YOUR INSTRUCTIONS = Below are the entries. Transcribe exactly the lines from the one with "#12=(NAMED_UNIT(*) SI_UNIT($,.STERADIAN.) SOLID_ANGLE_UNIT());" through the one with "#11,#12)) REPRESENTATION_CONTEXT('',''));", ends included, and leave out all others.

Items listed in a dataset
Start of Block

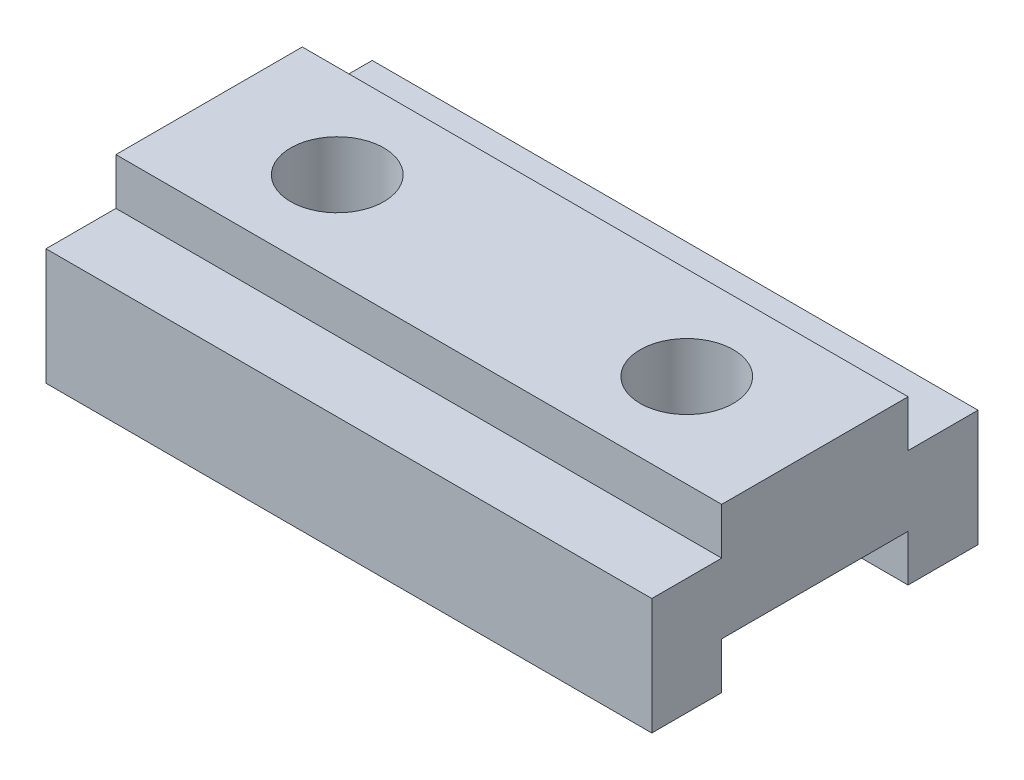
ISO-10303-21;
HEADER;
FILE_DESCRIPTION(('STEP AP214'),'2;1');
FILE_NAME('part.step','',(''),(''),'','','');
FILE_SCHEMA(('AUTOMOTIVE_DESIGN { 1 0 10303 214 1 1 1 1 }'));
ENDSEC;
DATA;
#1=APPLICATION_CONTEXT('core data for automotive mechanical design processes');
#2=APPLICATION_PROTOCOL_DEFINITION('international standard','automotive_design',2000,#1);
#3=PRODUCT_CONTEXT('',#1,'mechanical');
#4=PRODUCT('Part','Part','',(#3));
#5=PRODUCT_RELATED_PRODUCT_CATEGORY('part','',(#4));
#6=PRODUCT_DEFINITION_FORMATION('','',#4);
#7=PRODUCT_DEFINITION_CONTEXT('part definition',#1,'design');
#8=PRODUCT_DEFINITION('design','',#6,#7);
#9=PRODUCT_DEFINITION_SHAPE('','',#8);
#10=(LENGTH_UNIT() NAMED_UNIT(*) SI_UNIT(.MILLI.,.METRE.));
#11=(NAMED_UNIT(*) PLANE_ANGLE_UNIT() SI_UNIT($,.RADIAN.));
#12=(NAMED_UNIT(*) SI_UNIT($,.STERADIAN.) SOLID_ANGLE_UNIT());
#13=UNCERTAINTY_MEASURE_WITH_UNIT(LENGTH_MEASURE(1.E-05),#10,'distance_accuracy_value','');
#14=(GEOMETRIC_REPRESENTATION_CONTEXT(3) GLOBAL_UNCERTAINTY_ASSIGNED_CONTEXT((#13)) GLOBAL_UNIT_ASSIGNED_CONTEXT((#10,
#11,#12)) REPRESENTATION_CONTEXT('',''));
#15=CARTESIAN_POINT('',(0.,0.,0.));
#16=DIRECTION('',(0.,0.,1.));
#17=DIRECTION('',(1.,0.,0.));
#18=AXIS2_PLACEMENT_3D('',#15,#16,#17);
#19=CARTESIAN_POINT('',(-165.1,0.,0.));
#20=DIRECTION('',(0.,0.,1.));
#21=DIRECTION('',(1.,0.,0.));
#22=AXIS2_PLACEMENT_3D('',#19,#20,#21);
#23=PLANE('',#22);
#24=DIRECTION('',(0.,-1.,0.));
#25=VECTOR('',#24,1.);
#26=CARTESIAN_POINT('',(0.,0.,0.));
#27=LINE('',#26,#25);
#28=CARTESIAN_POINT('',(0.,31.75,0.));
#29=VERTEX_POINT('',#28);
#30=CARTESIAN_POINT('',(0.,0.,0.));
#31=VERTEX_POINT('',#30);
#32=EDGE_CURVE('E155',#29,#31,#27,.T.);
#33=ORIENTED_EDGE('',*,*,#32,.F.);
#34=DIRECTION('',(1.,0.,0.));
#35=VECTOR('',#34,1.);
#36=CARTESIAN_POINT('',(-165.1,31.75,0.));
#37=LINE('',#36,#35);
#38=CARTESIAN_POINT('',(-165.1,31.75,0.));
#39=VERTEX_POINT('',#38);
#40=EDGE_CURVE('E11',#39,#29,#37,.T.);
#41=ORIENTED_EDGE('',*,*,#40,.F.);
#42=DIRECTION('',(0.,-1.,0.));
#43=VECTOR('',#42,1.);
#44=CARTESIAN_POINT('',(-165.1,0.,0.));
#45=LINE('',#44,#43);
#46=CARTESIAN_POINT('',(-165.1,0.,0.));
#47=VERTEX_POINT('',#46);
#48=EDGE_CURVE('E187',#39,#47,#45,.T.);
#49=ORIENTED_EDGE('',*,*,#48,.T.);
#50=DIRECTION('',(1.,0.,0.));
#51=VECTOR('',#50,1.);
#52=CARTESIAN_POINT('',(-165.1,0.,0.));
#53=LINE('',#52,#51);
#54=EDGE_CURVE('E101',#47,#31,#53,.T.);
#55=ORIENTED_EDGE('',*,*,#54,.T.);
#56=EDGE_LOOP('',(#33,#41,#49,#55));
#57=FACE_BOUND('',#56,.T.);
#58=ADVANCED_FACE('F33',(#57),#23,.T.);
#59=CARTESIAN_POINT('',(-165.1,31.75,0.));
#60=DIRECTION('',(0.,1.,0.));
#61=DIRECTION('',(0.,0.,1.));
#62=AXIS2_PLACEMENT_3D('',#59,#60,#61);
#63=PLANE('',#62);
#64=DIRECTION('',(0.,0.,1.));
#65=VECTOR('',#64,1.);
#66=CARTESIAN_POINT('',(0.,31.75,0.));
#67=LINE('',#66,#65);
#68=CARTESIAN_POINT('',(0.,31.75,-19.05));
#69=VERTEX_POINT('',#68);
#70=EDGE_CURVE('E185',#69,#29,#67,.T.);
#71=ORIENTED_EDGE('',*,*,#70,.F.);
#72=DIRECTION('',(1.,0.,0.));
#73=VECTOR('',#72,1.);
#74=CARTESIAN_POINT('',(-165.1,31.75,-19.05));
#75=LINE('',#74,#73);
#76=CARTESIAN_POINT('',(-165.1,31.75,-19.05));
#77=VERTEX_POINT('',#76);
#78=EDGE_CURVE('E42',#77,#69,#75,.T.);
#79=ORIENTED_EDGE('',*,*,#78,.F.);
#80=DIRECTION('',(0.,0.,1.));
#81=VECTOR('',#80,1.);
#82=CARTESIAN_POINT('',(-165.1,31.75,0.));
#83=LINE('',#82,#81);
#84=EDGE_CURVE('E145',#77,#39,#83,.T.);
#85=ORIENTED_EDGE('',*,*,#84,.T.);
#86=ORIENTED_EDGE('',*,*,#40,.T.);
#87=EDGE_LOOP('',(#71,#79,#85,#86));
#88=FACE_BOUND('',#87,.T.);
#89=ADVANCED_FACE('F265',(#88),#63,.T.);
#90=CARTESIAN_POINT('',(-165.1,31.75,-19.05));
#91=DIRECTION('',(0.,0.,1.));
#92=DIRECTION('',(1.,0.,0.));
#93=AXIS2_PLACEMENT_3D('',#90,#91,#92);
#94=PLANE('',#93);
#95=DIRECTION('',(0.,-1.,0.));
#96=VECTOR('',#95,1.);
#97=CARTESIAN_POINT('',(0.,31.75,-19.05));
#98=LINE('',#97,#96);
#99=CARTESIAN_POINT('',(0.,44.45,-19.05));
#100=VERTEX_POINT('',#99);
#101=EDGE_CURVE('E132',#100,#69,#98,.T.);
#102=ORIENTED_EDGE('',*,*,#101,.F.);
#103=DIRECTION('',(1.,0.,0.));
#104=VECTOR('',#103,1.);
#105=CARTESIAN_POINT('',(-165.1,44.45,-19.05));
#106=LINE('',#105,#104);
#107=CARTESIAN_POINT('',(-165.1,44.45,-19.05));
#108=VERTEX_POINT('',#107);
#109=EDGE_CURVE('E127',#108,#100,#106,.T.);
#110=ORIENTED_EDGE('',*,*,#109,.F.);
#111=DIRECTION('',(0.,-1.,0.));
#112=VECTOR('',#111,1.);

End of Block

WRITTEN RESPONSE =
#12=(NAMED_UNIT(*) SI_UNIT($,.STERADIAN.) SOLID_ANGLE_UNIT());
#13=UNCERTAINTY_MEASURE_WITH_UNIT(LENGTH_MEASURE(1.E-05),#10,'distance_accuracy_value','');
#14=(GEOMETRIC_REPRESENTATION_CONTEXT(3) GLOBAL_UNCERTAINTY_ASSIGNED_CONTEXT((#13)) GLOBAL_UNIT_ASSIGNED_CONTEXT((#10,
#11,#12)) REPRESENTATION_CONTEXT('',''));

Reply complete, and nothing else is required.